Every time there is talk of resuming negotiations on a settlement of the issue of the West Bank, there is no mistake, that the Israeli government a few weeks in advance present plans to expand settlements on the West Bank. You deliberately put out poison to destroy the peace process. They do clearly not want any clarification of the conflict, and the longer you can procrastinate, the harder it is to get to a solution. You are in power and you will not let go of it. There is then an additional detail, that population growth is higher among Palestinians than Israelis, so how would that in time affect the situation?

I usually make the point that if you could defend political interests by referring to thousand year ancient writings, one would not have anything but war in the world. What kind of logic is it to refer to outdated ideas of a Promised Land, whose relevance has no value on Earth in our time? Nevertheless, Zionists have managed to capitalize on the collective bad conscience of the Western world on top of Hitler's holocaust.

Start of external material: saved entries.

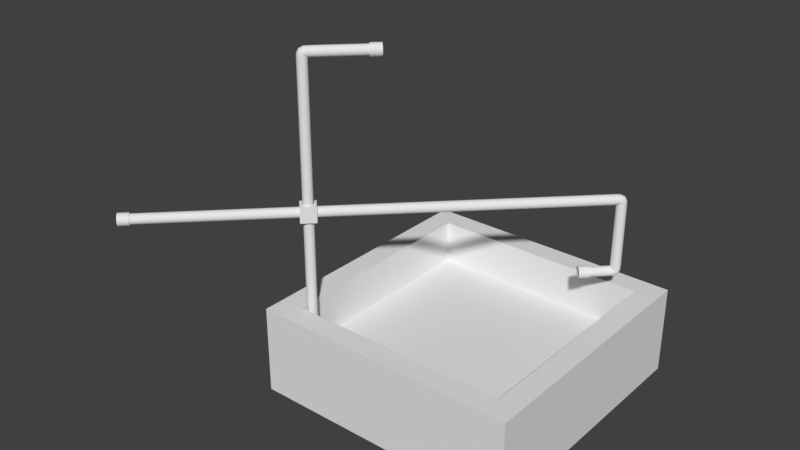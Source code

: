 # Source: Modern_Fountain.blend  (saved by Blender 2.79.0; exported with 4.5.12 LTS)
import bpy
from mathutils import Matrix  # noqa: F401  (used for matrix-valued properties, if any)

bpy.ops.wm.read_factory_settings(use_empty=True)
scene = bpy.context.scene
scene.name = 'Scene'

# ---- collections
col_collection_1 = bpy.data.collections.new('Collection 1'); scene.collection.children.link(col_collection_1)

# ---- materials (node trees are filled in below, after node groups)
mat_pipes = bpy.data.materials.new('Pipes')
mat_pipes.alpha_threshold = 0.0
mat_pipes.use_transparent_shadow = False
mat_pipes.roughness = 0.5
mat_cubes = bpy.data.materials.new('Cubes')
mat_cubes.alpha_threshold = 0.0
mat_cubes.use_transparent_shadow = False
mat_cubes.roughness = 0.5

# ---- material node trees

# ---- world
world_world = bpy.data.worlds.new('World'); scene.world = world_world
world_world.color = (0.05088, 0.05088, 0.05088)
world_world.use_sun_shadow = False
world_world.sun_shadow_jitter_overblur = 0.0
world_world.cycles.sampling_method = 'MANUAL'

# ---- meshes
me_plane = bpy.data.meshes.new('Plane')
me_plane.from_pydata([(-2.5, -2.5, 1.0), (2.5, -2.5, 1.0), (-2.5, 2.5, 1.0), (2.5, 2.5, 1.0), (-3.0, 3.0, 1.24e-06), (-3.0, -3.0, -1.24e-06), (3.0, -3.0, -1.24e-06), (3.0, 3.0, 1.24e-06), (-2.5, 2.5, 2.0), (-2.5, -2.5, 2.0), (2.5, -2.5, 2.0), (2.5, 2.5, 2.0), (-3.0, 3.0, 2.0), (-3.0, -3.0, 2.0), (3.0, -3.0, 2.0), (3.0, 3.0, 2.0)], [], [(10, 14, 15, 11), (8, 12, 13, 9), (11, 15, 12, 8), (9, 13, 14, 10), (7, 15, 14, 6), (5, 13, 12, 4), (1, 10, 11, 3), (2, 8, 9, 0), (4, 12, 15, 7), (6, 14, 13, 5), (3, 11, 8, 2), (0, 9, 10, 1), (3, 2, 0, 1), (4, 7, 6, 5)])
me_plane.use_remesh_preserve_volume = False
me_plane.use_remesh_preserve_attributes = False
me_plane.use_mirror_vertex_groups = False
me_plane.update()
me_circle = bpy.data.meshes.new('Circle')
me_circle.from_pydata([(-1.043e-07, 0.1119, 3.616e-08), (-0.04282, 0.1034, 1.957e-08), (-0.07913, 0.07913, -6.824e-14), (-0.1034, 0.04282, -1.957e-08), (-0.1119, 1.118e-07, -3.616e-08), (-0.1034, -0.04282, -4.724e-08), (-0.07913, -0.07913, -5.114e-08), (-0.04282, -0.1034, -4.724e-08), (-8.196e-08, -0.1119, -3.616e-08), (0.04282, -0.1034, -1.957e-08), (0.07913, -0.07913, -8.167e-14), (0.1034, -0.04282, 1.957e-08), (0.1119, 1.043e-07, 3.616e-08), (0.1034, 0.04282, 4.724e-08), (0.07913, 0.07913, 5.114e-08), (0.04282, 0.1034, 4.724e-08), (-1.937e-06, 0.1119, 6.387), (-0.04282, 0.1034, 6.387), (-0.07913, 0.07912, 6.387), (-0.1034, 0.04282, 6.387), (-0.1119, -1.81e-06, 6.387), (-0.1034, -0.04282, 6.387), (-0.07913, -0.07913, 6.387), (-0.04282, -0.1034, 6.387), (-1.952e-06, -0.1119, 6.387), (0.04282, -0.1034, 6.387), (0.07912, -0.07913, 6.387), (0.1034, -0.04282, 6.387), (0.1034, 0.04282, 6.387), (0.07912, 0.07912, 6.387), (0.04282, 0.1034, 6.387), (0.1119, 0.1119, 6.499), (0.1119, 0.1034, 6.542), (0.1119, 0.07912, 6.578), (0.1119, 0.04282, 6.602), (0.1119, -1.863e-06, 6.611), (0.1119, -0.04282, 6.602), (0.1119, -0.07913, 6.578), (0.1119, -0.1034, 6.542), (0.1119, -0.1119, 6.499), (0.1119, -0.1034, 6.456), (0.1119, -0.07913, 6.42), (0.1119, -0.04282, 6.396), (0.1119, -1.773e-06, 6.387), (0.1119, 0.04282, 6.396), (0.1119, 0.07912, 6.42), (0.1119, 0.1034, 6.456), (0.002647, 0.1119, 6.449), (0.01639, 0.1119, 6.483), (0.04991, 0.1119, 6.496), (0.04448, 0.1034, 6.44), (0.04667, 0.1034, 6.452), (0.05908, 0.1034, 6.455), (0.07994, 0.07912, 6.432), (0.07234, 0.07912, 6.427), (0.06685, 0.07912, 6.419), (0.1036, 0.04282, 6.427), (0.08949, 0.04282, 6.41), (0.07205, 0.04282, 6.395), (0.112, -1.825e-06, 6.425), (0.09551, -1.803e-06, 6.404), (0.07387, -1.822e-06, 6.387), (0.1036, -0.04282, 6.427), (0.08949, -0.04282, 6.41), (0.07205, -0.04282, 6.395), (0.07994, -0.07913, 6.432), (0.07234, -0.07913, 6.427), (0.06685, -0.07913, 6.419), (0.04448, -0.1034, 6.44), (0.04667, -0.1034, 6.452), (0.05908, -0.1034, 6.455), (0.002647, -0.1119, 6.449), (0.01639, -0.1119, 6.483), (0.04991, -0.1119, 6.496), (-0.03918, -0.1034, 6.458), (-0.01389, -0.1034, 6.513), (0.04073, -0.1034, 6.538), (-0.07464, -0.07913, 6.466), (-0.03956, -0.07913, 6.539), (0.03296, -0.07913, 6.574), (-0.09834, -0.04282, 6.471), (-0.05672, -0.04282, 6.556), (0.02776, -0.04282, 6.597), (-0.1067, -1.825e-06, 6.473), (-0.06274, -1.866e-06, 6.562), (0.02594, -1.881e-06, 6.606), (-0.09834, 0.04282, 6.471), (-0.05672, 0.04282, 6.556), (0.02776, 0.04282, 6.597), (-0.07464, 0.07912, 6.466), (-0.03956, 0.07912, 6.539), (0.03296, 0.07912, 6.574), (0.04073, 0.1034, 6.538), (-0.01389, 0.1034, 6.513), (-0.03918, 0.1034, 6.458), (1.256, 0.1119, 6.499), (1.256, 0.1034, 6.542), (1.256, 0.07912, 6.578), (1.256, 0.04282, 6.602), (1.256, -1.729e-06, 6.611), (1.256, -0.04282, 6.602), (1.256, -0.07913, 6.578), (1.256, -0.1034, 6.542), (1.256, -0.1034, 6.456), (1.256, -0.07913, 6.42), (1.256, -0.04282, 6.396), (1.256, -1.729e-06, 6.387), (1.256, 0.04282, 6.396), (1.256, 0.07912, 6.42), (1.256, 0.1034, 6.456), (-0.1719, -0.1719, 3.022), (-0.1719, -0.1719, 3.365), (-0.1719, 0.1719, 3.022), (-0.1719, 0.1719, 3.365), (0.1719, -0.1719, 3.022), (0.1719, -0.1719, 3.365), (0.1719, 0.1719, 3.022), (0.1719, 0.1719, 3.365), (6.226, -0.1034, 3.151), (-3.48, -0.07913, 3.273), (-3.48, -0.1034, 3.151), (-3.48, -0.07913, 3.114), (-3.48, -0.04282, 3.09), (-3.48, 0.1119, 3.194), (-3.48, 0.1034, 3.236), (6.226, -0.1034, 3.236), (6.226, -0.07913, 3.273), (6.226, -0.04282, 3.09), (6.226, 0.1034, 3.151), (6.338, 0.1119, 3.082), (6.381, 0.1034, 3.082), (6.417, 0.07912, 3.082), (6.442, 0.04282, 3.082), (6.45, 0.0, 3.082), (6.442, -0.04282, 3.082), (6.417, -0.07913, 3.082), (6.381, -0.1034, 3.082), (6.338, -0.1119, 3.082), (6.295, -0.1034, 3.082), (6.259, -0.07913, 3.082), (6.235, -0.04282, 3.082), (6.235, 0.04282, 3.082), (6.259, 0.07913, 3.082), (6.295, 0.1034, 3.082), (6.288, 0.1119, 3.191), (6.322, 0.1119, 3.177), (6.336, 0.1119, 3.144), (6.279, 0.1034, 3.149), (6.292, 0.1034, 3.147), (6.294, 0.1034, 3.134), (6.271, 0.07913, 3.114), (6.266, 0.07912, 3.121), (6.258, 0.07913, 3.127), (6.266, 0.04282, 3.09), (6.249, 0.04282, 3.104), (6.235, 0.04282, 3.122), (6.264, 0.0, 3.082), (6.243, 0.0, 3.098), (6.226, 0.0, 3.12), (6.266, -0.04282, 3.09), (6.249, -0.04282, 3.104), (6.235, -0.04282, 3.122), (6.271, -0.07913, 3.114), (6.266, -0.07913, 3.121), (6.258, -0.07913, 3.127), (6.279, -0.1034, 3.149), (6.292, -0.1034, 3.147), (6.294, -0.1034, 3.134), (6.288, -0.1119, 3.191), (6.322, -0.1119, 3.177), (6.336, -0.1119, 3.144), (6.298, -0.1034, 3.233), (6.352, -0.1034, 3.207), (6.377, -0.1034, 3.153), (6.305, -0.07913, 3.268), (6.378, -0.07913, 3.233), (6.413, -0.07913, 3.161), (6.311, -0.04282, 3.292), (6.395, -0.04282, 3.25), (6.437, -0.04282, 3.166), (6.312, 0.0, 3.3), (6.401, 0.0, 3.256), (6.445, 0.0, 3.168), (6.311, 0.04282, 3.292), (6.395, 0.04282, 3.25), (6.437, 0.04282, 3.166), (6.305, 0.07912, 3.268), (6.378, 0.07912, 3.233), (6.413, 0.07913, 3.161), (6.377, 0.1034, 3.153), (6.352, 0.1034, 3.207), (6.298, 0.1034, 3.233), (6.295, 0.1034, 1.65), (6.295, -0.1034, 1.65), (6.381, -0.1034, 1.65), (6.226, 0.1119, 1.538), (6.226, 0.1034, 1.495), (6.226, 0.07913, 1.459), (6.226, 0.04282, 1.435), (6.226, 0.04282, 1.641), (6.226, 0.07913, 1.617), (6.226, 0.1034, 1.581), (6.336, 0.1119, 1.588), (6.322, 0.1119, 1.554), (6.288, 0.1119, 1.541), (6.294, 0.1034, 1.597), (6.292, 0.1034, 1.585), (6.279, 0.1034, 1.583), (6.258, 0.07913, 1.605), (6.266, 0.07913, 1.61), (6.271, 0.07913, 1.618), (6.235, 0.04282, 1.61), (6.249, 0.04282, 1.628), (6.266, 0.04282, 1.642), (6.226, 4.768e-07, 1.612), (6.243, 4.768e-07, 1.634), (6.264, 0.0, 1.65), (6.235, -0.04282, 1.61), (6.249, -0.04282, 1.628), (6.266, -0.04282, 1.642), (6.258, -0.07912, 1.605), (6.266, -0.07912, 1.61), (6.271, -0.07913, 1.618), (6.294, -0.1034, 1.597), (6.292, -0.1034, 1.585), (6.279, -0.1034, 1.583), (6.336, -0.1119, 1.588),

Palestine was not after the war an independent country, it was a British Mandate, which the British did not mind giving up. Extremely militant Jewish terrorist groups then managed to suppress the local residents and conquer Israel and even get it recognized by the world community as a legitimate nation state. Well done, I must say.

After the Six-Day War Israel captured the West Bank, which they still unlawfully possess. How is it possible? The answer is money. In New York, there is an extremely influential Jewish lobby, which provides in suppressing all initiatives from the U.S. towards working for minor conflicts with the Palestinians. The Palestinians have unfortunately not an equal exorbitant influential lobby in the U.S. to support their side of the conflict.
Even in Denmark, there is still a widespread goodwill towards Israel despite their oppression of the Palestinians, even though young people no longer go on kibbutz visits as they did in my childhood. All through the years, the Zionists have been good at playing the Holocaust card as a political argument.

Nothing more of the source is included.